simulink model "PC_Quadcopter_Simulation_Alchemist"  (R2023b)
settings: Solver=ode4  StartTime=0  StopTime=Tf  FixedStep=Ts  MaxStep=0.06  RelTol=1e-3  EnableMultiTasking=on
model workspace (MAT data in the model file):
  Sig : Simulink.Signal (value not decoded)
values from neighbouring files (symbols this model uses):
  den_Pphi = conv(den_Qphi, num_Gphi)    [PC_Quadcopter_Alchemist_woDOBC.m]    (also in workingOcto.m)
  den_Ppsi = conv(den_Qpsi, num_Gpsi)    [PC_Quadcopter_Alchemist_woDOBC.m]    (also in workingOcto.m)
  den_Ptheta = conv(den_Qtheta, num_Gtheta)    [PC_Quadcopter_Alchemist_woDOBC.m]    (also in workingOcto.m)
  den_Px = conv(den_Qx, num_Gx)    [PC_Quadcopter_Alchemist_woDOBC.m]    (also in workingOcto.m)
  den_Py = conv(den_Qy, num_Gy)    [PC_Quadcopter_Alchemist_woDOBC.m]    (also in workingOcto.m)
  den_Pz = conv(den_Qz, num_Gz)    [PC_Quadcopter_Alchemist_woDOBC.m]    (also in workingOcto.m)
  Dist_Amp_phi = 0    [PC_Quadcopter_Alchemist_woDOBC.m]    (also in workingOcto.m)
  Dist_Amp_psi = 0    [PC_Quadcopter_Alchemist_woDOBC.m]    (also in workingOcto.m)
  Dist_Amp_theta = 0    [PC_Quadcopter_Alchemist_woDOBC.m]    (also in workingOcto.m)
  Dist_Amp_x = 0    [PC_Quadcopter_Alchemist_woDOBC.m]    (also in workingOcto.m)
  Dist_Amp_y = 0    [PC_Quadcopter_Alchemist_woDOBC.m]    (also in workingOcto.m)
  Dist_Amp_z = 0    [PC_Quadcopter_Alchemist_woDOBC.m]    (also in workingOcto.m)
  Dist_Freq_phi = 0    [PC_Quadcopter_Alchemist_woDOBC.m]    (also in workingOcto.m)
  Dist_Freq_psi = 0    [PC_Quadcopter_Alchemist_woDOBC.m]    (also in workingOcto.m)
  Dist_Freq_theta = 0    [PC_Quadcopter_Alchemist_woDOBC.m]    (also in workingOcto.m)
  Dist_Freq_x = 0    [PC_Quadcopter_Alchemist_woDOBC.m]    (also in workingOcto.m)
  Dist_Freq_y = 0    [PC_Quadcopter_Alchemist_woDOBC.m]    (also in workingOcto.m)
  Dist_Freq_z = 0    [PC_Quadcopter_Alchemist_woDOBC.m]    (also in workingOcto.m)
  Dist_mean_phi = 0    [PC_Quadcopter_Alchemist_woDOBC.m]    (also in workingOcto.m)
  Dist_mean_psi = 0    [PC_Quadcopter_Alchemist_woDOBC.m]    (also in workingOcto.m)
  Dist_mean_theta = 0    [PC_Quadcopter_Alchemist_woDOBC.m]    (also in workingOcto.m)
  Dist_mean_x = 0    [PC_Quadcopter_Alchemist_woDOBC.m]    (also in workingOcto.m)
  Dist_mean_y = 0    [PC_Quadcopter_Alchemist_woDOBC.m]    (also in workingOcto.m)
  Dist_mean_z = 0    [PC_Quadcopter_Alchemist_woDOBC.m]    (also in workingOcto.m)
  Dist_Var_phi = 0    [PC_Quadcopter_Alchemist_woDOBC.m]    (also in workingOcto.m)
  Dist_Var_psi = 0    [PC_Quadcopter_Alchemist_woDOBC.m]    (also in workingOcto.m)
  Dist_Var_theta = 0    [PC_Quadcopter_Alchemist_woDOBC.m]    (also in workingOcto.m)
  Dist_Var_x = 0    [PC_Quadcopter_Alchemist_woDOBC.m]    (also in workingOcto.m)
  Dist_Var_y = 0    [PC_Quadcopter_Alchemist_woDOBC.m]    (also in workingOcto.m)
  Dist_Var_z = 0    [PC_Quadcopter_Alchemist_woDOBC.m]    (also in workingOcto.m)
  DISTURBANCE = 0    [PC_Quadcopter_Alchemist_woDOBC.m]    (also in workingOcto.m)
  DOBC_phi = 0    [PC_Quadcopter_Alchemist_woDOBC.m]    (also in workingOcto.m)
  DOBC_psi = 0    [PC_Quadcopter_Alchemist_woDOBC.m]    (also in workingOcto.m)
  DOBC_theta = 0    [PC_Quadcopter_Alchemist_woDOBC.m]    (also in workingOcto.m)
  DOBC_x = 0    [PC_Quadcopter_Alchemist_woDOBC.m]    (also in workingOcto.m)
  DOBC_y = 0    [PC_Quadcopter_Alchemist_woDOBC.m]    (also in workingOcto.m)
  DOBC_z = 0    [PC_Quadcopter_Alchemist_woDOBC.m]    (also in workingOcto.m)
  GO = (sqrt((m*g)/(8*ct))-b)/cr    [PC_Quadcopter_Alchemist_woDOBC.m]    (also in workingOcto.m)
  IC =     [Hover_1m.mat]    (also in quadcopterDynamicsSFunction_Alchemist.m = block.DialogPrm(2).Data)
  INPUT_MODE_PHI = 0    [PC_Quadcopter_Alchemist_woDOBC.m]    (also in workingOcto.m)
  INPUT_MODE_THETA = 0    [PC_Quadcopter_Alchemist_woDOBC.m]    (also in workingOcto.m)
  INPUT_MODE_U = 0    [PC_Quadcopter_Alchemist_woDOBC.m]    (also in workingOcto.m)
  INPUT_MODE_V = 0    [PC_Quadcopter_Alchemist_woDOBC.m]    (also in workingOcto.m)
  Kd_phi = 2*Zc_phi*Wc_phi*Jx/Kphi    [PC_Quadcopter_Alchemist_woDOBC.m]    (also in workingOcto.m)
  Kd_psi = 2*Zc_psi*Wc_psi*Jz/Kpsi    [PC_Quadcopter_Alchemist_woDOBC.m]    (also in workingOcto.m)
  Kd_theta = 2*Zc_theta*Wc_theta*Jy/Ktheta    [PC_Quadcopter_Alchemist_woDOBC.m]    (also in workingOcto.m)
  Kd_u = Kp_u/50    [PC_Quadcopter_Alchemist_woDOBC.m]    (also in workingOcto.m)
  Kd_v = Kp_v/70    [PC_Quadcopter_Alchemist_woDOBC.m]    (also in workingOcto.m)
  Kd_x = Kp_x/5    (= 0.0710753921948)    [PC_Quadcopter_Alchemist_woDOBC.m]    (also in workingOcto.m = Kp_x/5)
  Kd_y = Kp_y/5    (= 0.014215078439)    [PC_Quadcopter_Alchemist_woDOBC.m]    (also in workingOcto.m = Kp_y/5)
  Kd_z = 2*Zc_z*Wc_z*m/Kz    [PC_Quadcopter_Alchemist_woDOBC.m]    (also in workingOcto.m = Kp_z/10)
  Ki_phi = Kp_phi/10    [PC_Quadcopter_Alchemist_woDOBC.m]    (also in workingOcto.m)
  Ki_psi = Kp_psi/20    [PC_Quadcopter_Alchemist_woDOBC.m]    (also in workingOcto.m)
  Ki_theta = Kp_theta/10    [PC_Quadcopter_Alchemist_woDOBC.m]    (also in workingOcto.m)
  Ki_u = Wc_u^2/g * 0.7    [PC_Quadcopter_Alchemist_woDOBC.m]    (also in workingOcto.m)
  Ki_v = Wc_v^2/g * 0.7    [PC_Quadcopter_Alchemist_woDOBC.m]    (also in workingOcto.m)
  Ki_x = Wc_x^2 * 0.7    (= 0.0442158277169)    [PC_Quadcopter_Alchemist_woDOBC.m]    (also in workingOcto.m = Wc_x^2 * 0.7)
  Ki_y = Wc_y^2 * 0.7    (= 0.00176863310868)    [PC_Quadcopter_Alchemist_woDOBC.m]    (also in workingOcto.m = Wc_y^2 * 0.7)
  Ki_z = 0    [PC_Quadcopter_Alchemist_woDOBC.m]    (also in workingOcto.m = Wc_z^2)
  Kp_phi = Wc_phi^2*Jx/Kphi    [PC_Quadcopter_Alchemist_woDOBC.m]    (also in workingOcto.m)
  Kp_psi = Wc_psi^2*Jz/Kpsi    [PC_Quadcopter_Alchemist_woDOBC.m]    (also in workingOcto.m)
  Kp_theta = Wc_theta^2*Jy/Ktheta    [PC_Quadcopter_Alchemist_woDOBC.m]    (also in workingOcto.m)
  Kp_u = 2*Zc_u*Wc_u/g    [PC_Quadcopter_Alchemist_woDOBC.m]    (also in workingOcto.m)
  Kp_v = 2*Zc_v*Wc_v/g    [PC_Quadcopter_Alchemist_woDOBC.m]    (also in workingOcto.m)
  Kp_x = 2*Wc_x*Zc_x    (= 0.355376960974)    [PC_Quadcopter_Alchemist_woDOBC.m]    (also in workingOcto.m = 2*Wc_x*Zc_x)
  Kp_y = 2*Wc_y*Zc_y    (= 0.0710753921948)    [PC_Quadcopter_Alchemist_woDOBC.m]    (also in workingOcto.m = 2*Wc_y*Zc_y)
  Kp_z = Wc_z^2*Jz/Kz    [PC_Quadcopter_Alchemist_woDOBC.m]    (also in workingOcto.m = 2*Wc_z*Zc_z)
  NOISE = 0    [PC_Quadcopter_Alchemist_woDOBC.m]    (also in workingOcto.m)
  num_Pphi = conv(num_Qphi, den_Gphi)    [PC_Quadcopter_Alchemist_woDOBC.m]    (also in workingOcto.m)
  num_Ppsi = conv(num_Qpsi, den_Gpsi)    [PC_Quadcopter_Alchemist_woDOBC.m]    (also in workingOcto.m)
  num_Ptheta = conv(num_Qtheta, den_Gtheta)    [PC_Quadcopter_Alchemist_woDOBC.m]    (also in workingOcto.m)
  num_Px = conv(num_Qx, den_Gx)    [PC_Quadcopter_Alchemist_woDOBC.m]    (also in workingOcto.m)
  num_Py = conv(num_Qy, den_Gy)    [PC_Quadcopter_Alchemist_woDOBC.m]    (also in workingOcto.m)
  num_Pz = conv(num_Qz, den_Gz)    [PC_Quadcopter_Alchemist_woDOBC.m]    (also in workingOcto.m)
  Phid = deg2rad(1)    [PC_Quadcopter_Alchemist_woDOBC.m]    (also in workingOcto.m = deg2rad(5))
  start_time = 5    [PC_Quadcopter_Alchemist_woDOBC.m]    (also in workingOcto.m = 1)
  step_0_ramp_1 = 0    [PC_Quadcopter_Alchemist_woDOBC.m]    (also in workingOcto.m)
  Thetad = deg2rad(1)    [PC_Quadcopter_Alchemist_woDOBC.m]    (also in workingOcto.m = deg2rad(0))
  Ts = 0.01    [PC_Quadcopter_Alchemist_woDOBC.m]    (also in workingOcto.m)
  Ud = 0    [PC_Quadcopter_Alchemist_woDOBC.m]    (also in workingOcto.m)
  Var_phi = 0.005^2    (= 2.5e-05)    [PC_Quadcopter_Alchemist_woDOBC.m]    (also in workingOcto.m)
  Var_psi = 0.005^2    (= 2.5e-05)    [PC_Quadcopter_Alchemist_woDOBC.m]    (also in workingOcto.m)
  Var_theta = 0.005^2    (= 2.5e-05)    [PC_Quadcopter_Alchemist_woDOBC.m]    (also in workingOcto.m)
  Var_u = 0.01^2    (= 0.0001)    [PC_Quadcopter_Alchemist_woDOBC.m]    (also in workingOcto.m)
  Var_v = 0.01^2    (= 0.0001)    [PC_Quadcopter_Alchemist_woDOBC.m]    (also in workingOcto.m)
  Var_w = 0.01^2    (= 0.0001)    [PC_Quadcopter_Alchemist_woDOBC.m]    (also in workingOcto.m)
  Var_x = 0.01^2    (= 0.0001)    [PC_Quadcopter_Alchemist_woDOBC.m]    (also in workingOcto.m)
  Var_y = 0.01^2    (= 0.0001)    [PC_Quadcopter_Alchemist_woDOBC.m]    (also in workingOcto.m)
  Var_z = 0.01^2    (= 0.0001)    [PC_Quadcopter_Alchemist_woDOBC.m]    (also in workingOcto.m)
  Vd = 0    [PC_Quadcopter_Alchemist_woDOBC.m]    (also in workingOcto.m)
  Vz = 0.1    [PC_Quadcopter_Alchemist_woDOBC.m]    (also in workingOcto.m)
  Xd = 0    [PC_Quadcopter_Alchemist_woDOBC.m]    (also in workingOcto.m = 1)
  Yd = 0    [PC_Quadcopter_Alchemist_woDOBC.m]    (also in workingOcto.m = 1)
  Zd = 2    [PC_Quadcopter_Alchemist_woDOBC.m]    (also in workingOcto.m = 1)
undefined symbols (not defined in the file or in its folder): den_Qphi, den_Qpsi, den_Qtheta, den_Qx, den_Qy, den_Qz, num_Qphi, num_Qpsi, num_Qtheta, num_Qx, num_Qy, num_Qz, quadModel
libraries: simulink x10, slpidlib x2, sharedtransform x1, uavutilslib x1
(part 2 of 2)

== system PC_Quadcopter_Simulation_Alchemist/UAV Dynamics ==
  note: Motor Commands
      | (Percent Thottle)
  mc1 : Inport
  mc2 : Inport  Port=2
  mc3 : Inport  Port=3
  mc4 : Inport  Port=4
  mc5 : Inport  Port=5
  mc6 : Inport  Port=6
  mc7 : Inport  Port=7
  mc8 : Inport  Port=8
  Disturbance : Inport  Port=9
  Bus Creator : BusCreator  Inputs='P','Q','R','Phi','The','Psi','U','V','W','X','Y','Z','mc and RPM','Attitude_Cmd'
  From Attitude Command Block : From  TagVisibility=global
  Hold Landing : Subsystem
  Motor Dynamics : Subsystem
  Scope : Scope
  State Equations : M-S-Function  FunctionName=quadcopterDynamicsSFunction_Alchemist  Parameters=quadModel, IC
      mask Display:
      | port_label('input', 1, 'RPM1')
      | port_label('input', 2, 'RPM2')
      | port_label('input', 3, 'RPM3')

== Exercise requirements ==
What you give back should be exactly the lines of the data above from the line with "INPUT_MODE_THETA = 0" through the line with "INPUT_MODE_V = 0", both of those included, and nothing more.

== Written response ==
  INPUT_MODE_THETA = 0    [PC_Quadcopter_Alchemist_woDOBC.m]    (also in workingOcto.m)
  INPUT_MODE_U = 0    [PC_Quadcopter_Alchemist_woDOBC.m]    (also in workingOcto.m)
  INPUT_MODE_V = 0    [PC_Quadcopter_Alchemist_woDOBC.m]    (also in workingOcto.m)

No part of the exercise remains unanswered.